_What to produce:_
Every line from the one containing "[picture b3top: board" to the one containing "Board: 2 copper layers, 30.5 x 25.4 mm, 18" in the records below, both included, must be set down exactly, and no other line.

Data entries
--*--

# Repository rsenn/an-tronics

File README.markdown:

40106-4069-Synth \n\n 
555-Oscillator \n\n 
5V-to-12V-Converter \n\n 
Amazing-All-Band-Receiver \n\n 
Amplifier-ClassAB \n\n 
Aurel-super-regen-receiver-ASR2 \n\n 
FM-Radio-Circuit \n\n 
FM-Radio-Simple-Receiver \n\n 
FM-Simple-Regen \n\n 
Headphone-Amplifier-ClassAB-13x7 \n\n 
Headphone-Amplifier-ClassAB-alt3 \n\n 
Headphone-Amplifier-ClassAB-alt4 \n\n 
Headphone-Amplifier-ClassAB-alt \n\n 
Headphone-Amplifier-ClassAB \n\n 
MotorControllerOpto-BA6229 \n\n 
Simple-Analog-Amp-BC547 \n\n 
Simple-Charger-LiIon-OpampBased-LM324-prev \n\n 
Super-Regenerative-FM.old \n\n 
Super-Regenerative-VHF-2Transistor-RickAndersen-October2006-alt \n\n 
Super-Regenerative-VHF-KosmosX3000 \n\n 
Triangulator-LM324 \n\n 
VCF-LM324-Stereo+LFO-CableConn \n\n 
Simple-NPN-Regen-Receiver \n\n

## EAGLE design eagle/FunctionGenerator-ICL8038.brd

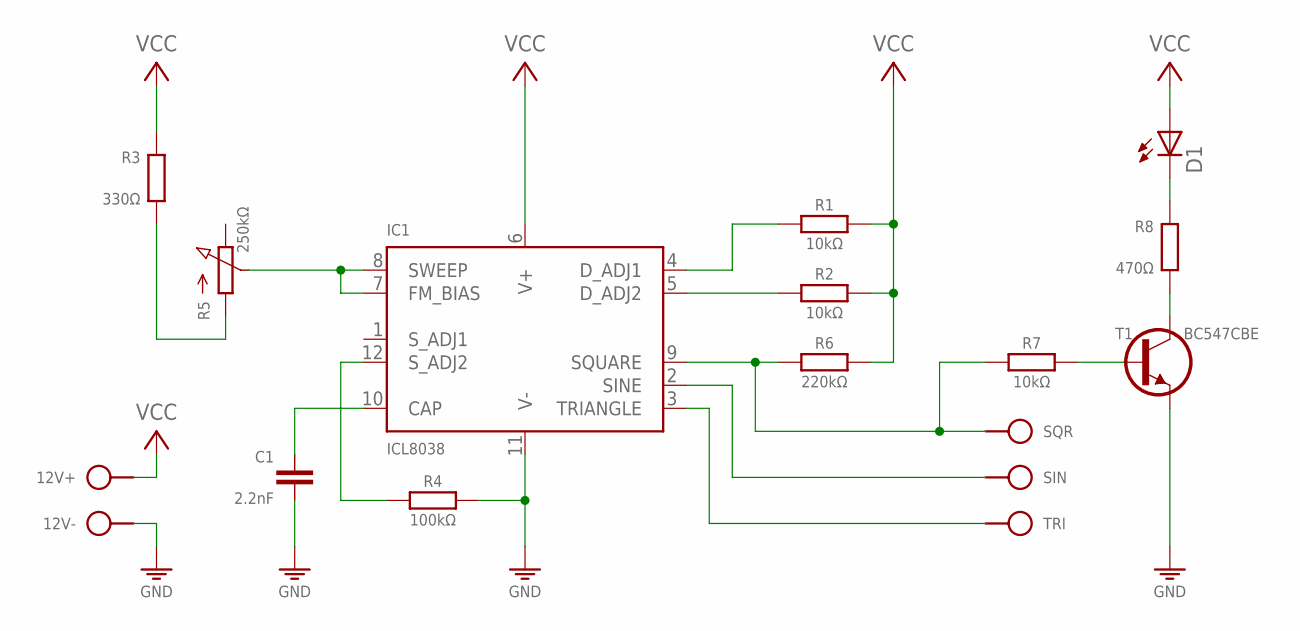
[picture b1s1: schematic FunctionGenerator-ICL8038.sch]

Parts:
12V: SPAD+-; SPAD-2
C1: 2.2nF; C050-020X044
D1: LED3MM
IC1: ICL8038; DIL14
R1, R2: 10kΩ; 0202/5
R3: 330Ω; 0202/5-V
R4: 100kΩ; 0202/5
R5: 250kΩ; POT
R6: 220kΩ; 0202/5-V
R7: 10kΩ; 0202/5-V
R8: 470Ω; 0202/5-V
SIN: SPAD
SQR: SPAD
T1: BC547CBE; TO92-CBE
TRI: SPAD

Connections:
GND: 12V.1, C1.2, IC1.11 (V-), R4.2, T1.E
unnamed: R3.1, R5.1 (A)
unnamed: IC1.4 (D_ADJ1), R1.1
unnamed: IC1.5 (D_ADJ2), R2.1
unnamed: IC1.9 (SQUARE), R6.1, R7.1, SQR.1
unnamed: IC1.12 (S_ADJ2), R4.1
unnamed: C1.1, IC1.10 (CAP)
unnamed: IC1.3 (TRIANGLE), TRI.1
unnamed: IC1.2 (SINE), SIN.1
unnamed: R7.2, T1.B
unnamed: D1.K (C), R8.2
unnamed: R8.1, T1.C
unnamed: IC1.7 (FM_BIAS), IC1.8 (SWEEP), R5.2 (S)
VCC: 12V.2, D1.A, IC1.6 (V+), R1.2, R2.2, R3.2, R6.2

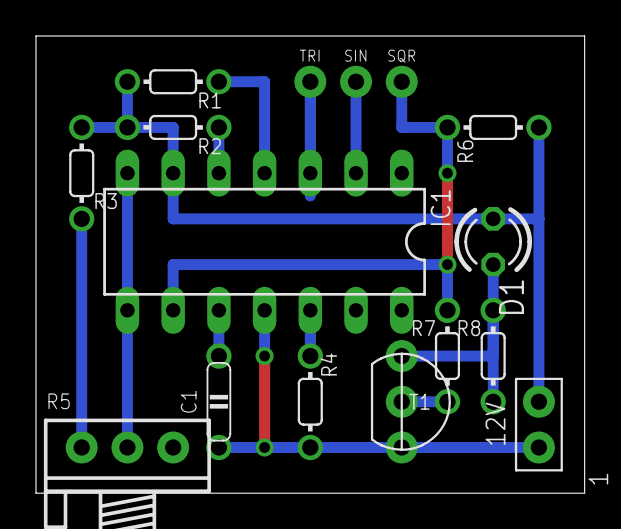
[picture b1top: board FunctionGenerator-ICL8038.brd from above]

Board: 2 copper layers, 30.5 x 25.4 mm, 16 parts (0 on the bottom side), 14 nets.

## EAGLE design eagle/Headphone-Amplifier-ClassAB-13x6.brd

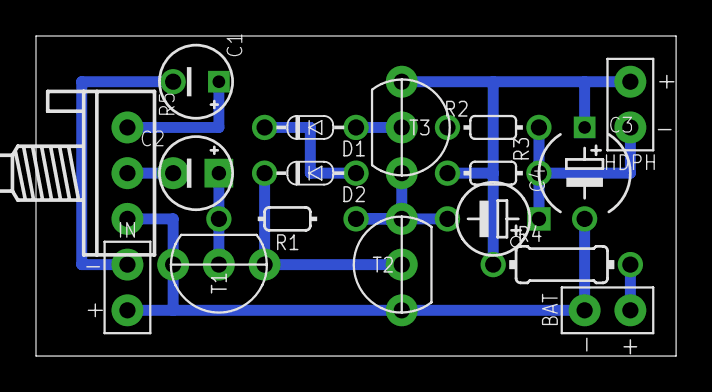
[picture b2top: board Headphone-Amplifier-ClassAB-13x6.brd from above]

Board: 2 copper layers, 35.6 x 17.8 mm, 17 parts (0 on the bottom side), 12 nets.

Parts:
BAT: SPAD+-+-; SPAD+-
C1: 4.7μF; E2.5-4/V
C2: 4.7μF; E2,5-4
C3: 100-1000μF; E5-5/V
C4: 220μF; E5-4
D1, D2: 1N4148; DO34-5
HDPH: SPAD+-+-; SPAD+-
IN: SPAD+-+-; SPAD+-
R1: 100kΩ; 0202/7
R2: 330Ω; 0202/5
R3: 100Ω; 0202/5-V
R4: 22Ω; 0204/7
R5: 100kΩ; POT
T1, T3: BC547; TO92-CBE
T2: BC557; TO92-CBE

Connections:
GND: BAT.1, C3.-, IN.2, R5.3, T1.E, T2.C
unnamed: D1.A, R2.1, T3.B
unnamed: D2.C, T1.C, T2.B
unnamed: D1.C, D2.A
unnamed: C4.-, R1.2, T2.E, T3.E
unnamed: C1.+, R5.1
unnamed: C2.-, R5.2
unnamed: C2.+, R1.1, T1.B
unnamed: C3.+, HDPH.2, R3.2, R4.1, T3.C
unnamed: C4.+, HDPH.1, R2.2, R3.1
unnamed: C1.-, IN.1
V+: BAT.2, R4.2

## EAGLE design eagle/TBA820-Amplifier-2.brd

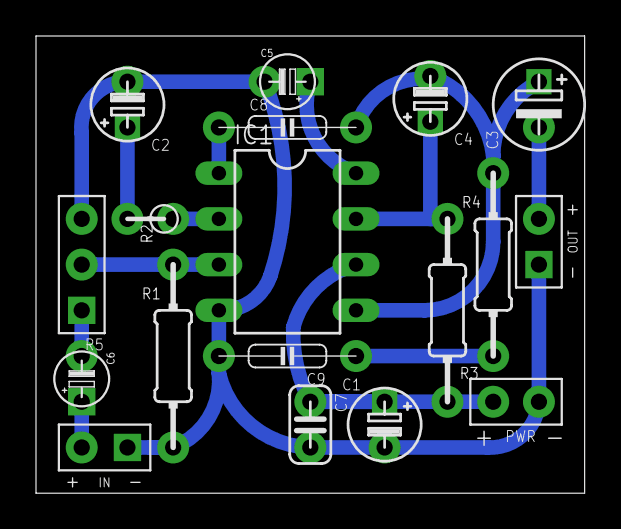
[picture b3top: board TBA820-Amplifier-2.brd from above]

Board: 2 copper layers, 30.5 x 25.4 mm, 18 parts (0 on the bottom side), 13 nets.

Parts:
C1, C2, C4: 100μF; E2.5-4/V
C3: 220μF; E2,5-5
C5: 47μF; E2,5-3
C6: 10μF; E2,5-3
C7: 100nF; C025-024X044
C8: 220pF; C075-020X044
C9: 220nF; C075-020X044
IC1: TBA820; DIL08
IN: SPAD+--+; SPAD-+
OUT: SPAD+-+-; SPAD+-
R1: 10kΩ; 0204/10-V
R2: 120Ω; 0202/2V
R3: 56Ω; 0204/10-V
R4: 1Ω; 0204/10-V
R5: 22kΩ; CONN-3P
S4: VCC_GNDPWR-L; PWR-L

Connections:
BOOT: C4.+, IC1.7, R3.2
FREQ: C8.1, IC1.1
GAIN: IC1.2, R2.1
GND: C1.-, C2.-, C5.-, C7.2, C9.2, IC1.4, IN.1, OUT.1, R1.2, R5.3, S4.1
INPUT: IC1.3, R1.1, R5.2
unnamed: C9.1, R4.2
unnamed: C6.-, R5.1
unnamed: C6.+, IN.2
unnamed: C3.-, OUT.2
unnamed: C2.+, R2.2
OUT: C3.+, C4.-, C8.2, IC1.5, R4.1
RIPPLE: C5.+, IC1.8
VCC: C1.+, C7.1, IC1.6, R3.1, S4.2

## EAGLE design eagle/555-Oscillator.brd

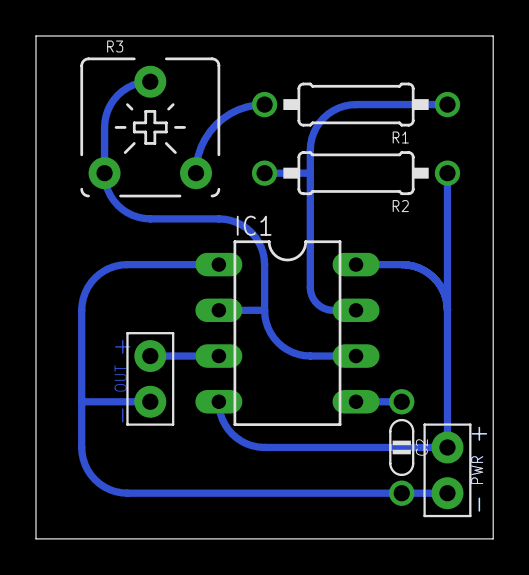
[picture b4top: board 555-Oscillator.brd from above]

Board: 2 copper layers, 25.4 x 27.9 mm, 7 parts (0 on the bottom side), 7 nets.

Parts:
C2: 10n; C050-020X036/V
IC1: 555; DIL08
OUT: SPAD+--+; SPAD-+
R1: 1kΩ; 0207/10
R2: 10kΩ; 0207/10
R3: 220kΩ; POT-V
S1: VCC_GNDPWR-R; PWR-R

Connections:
GND: C2.2, IC1.1, OUT.1, S1.1
unnamed: IC1.7, R1.1, R2.2
unnamed: R1.2, R3.E
unnamed: IC1.2, IC1.6, R3.A, R3.S
unnamed: C2.1, IC1.5
unnamed: IC1.3, OUT.2
VCC: IC1.4, IC1.8, R2.1, S1.2

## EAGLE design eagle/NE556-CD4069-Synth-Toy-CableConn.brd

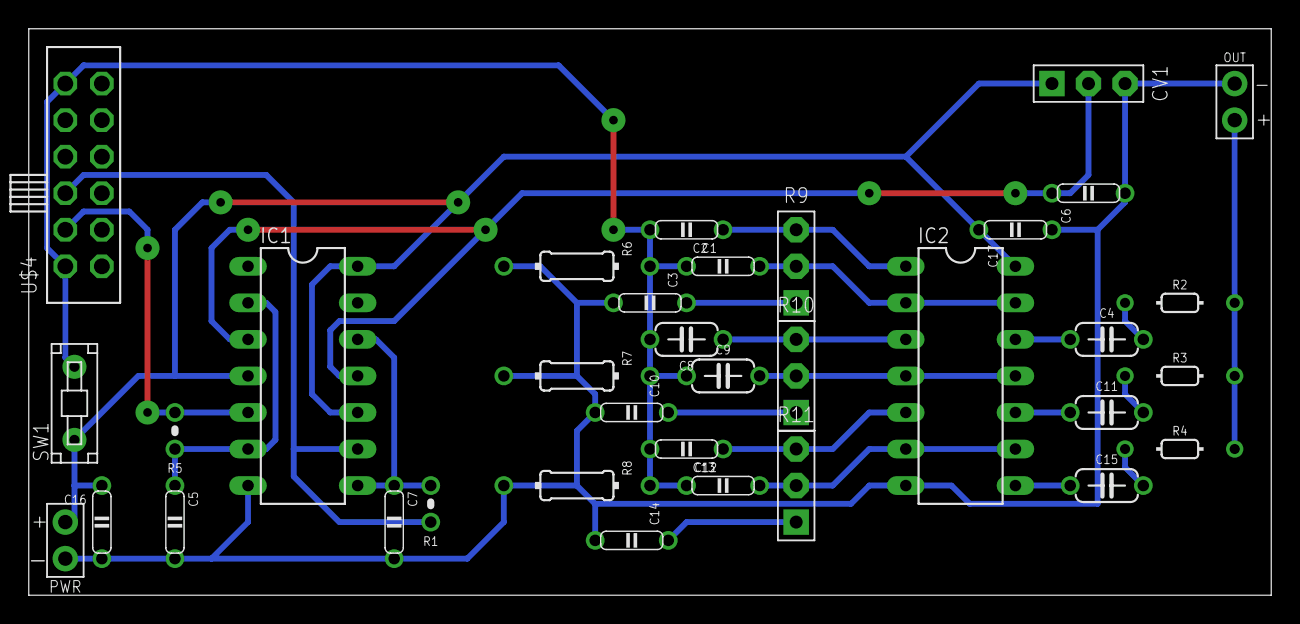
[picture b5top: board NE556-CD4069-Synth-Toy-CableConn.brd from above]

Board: 2 copper layers, 86.4 x 39.4 mm, 35 parts (0 on the bottom side), 24 nets.

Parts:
C1, C2, C5, C7: 100nF; C050-020X044
C3: 220nF; C050-020X044/V
C4, C11, C15: 470nF; C050-024X044
C6: 10nF; C050-020X044/V
C8, C9: 330nF; C050-024X044
C10, C14: 470nF; C050-020X044/V
C12, C13: 68nF; C050-020X044
C16, C17: 100nF; C050-020X044/V
CV1: 20kΩ; CONN-3P
IC1: LM556N; DIL14
IC2: 4069N; DIL14
OUT: SPAD-+
R1, R5: 33kΩ; 0204/2V
R2, R3, R4: R-H0202/7; 0202/7
R6, R7, R8: 10kΩ; 0204/10-V
R9, R10, R11: 100kΩ; CONN-3P
S3: VCC_GNDPWR-L; PWR-L
SW1: PB-1P-1T; PB-1P1T
U$4: SL-SW-2P-4T; SLSW-2P4T-2-H

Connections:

--*--

_Reply:_
[picture b3top: board TBA820-Amplifier-2.brd from above]

Board: 2 copper layers, 30.5 x 25.4 mm, 18 parts (0 on the bottom side), 13 nets.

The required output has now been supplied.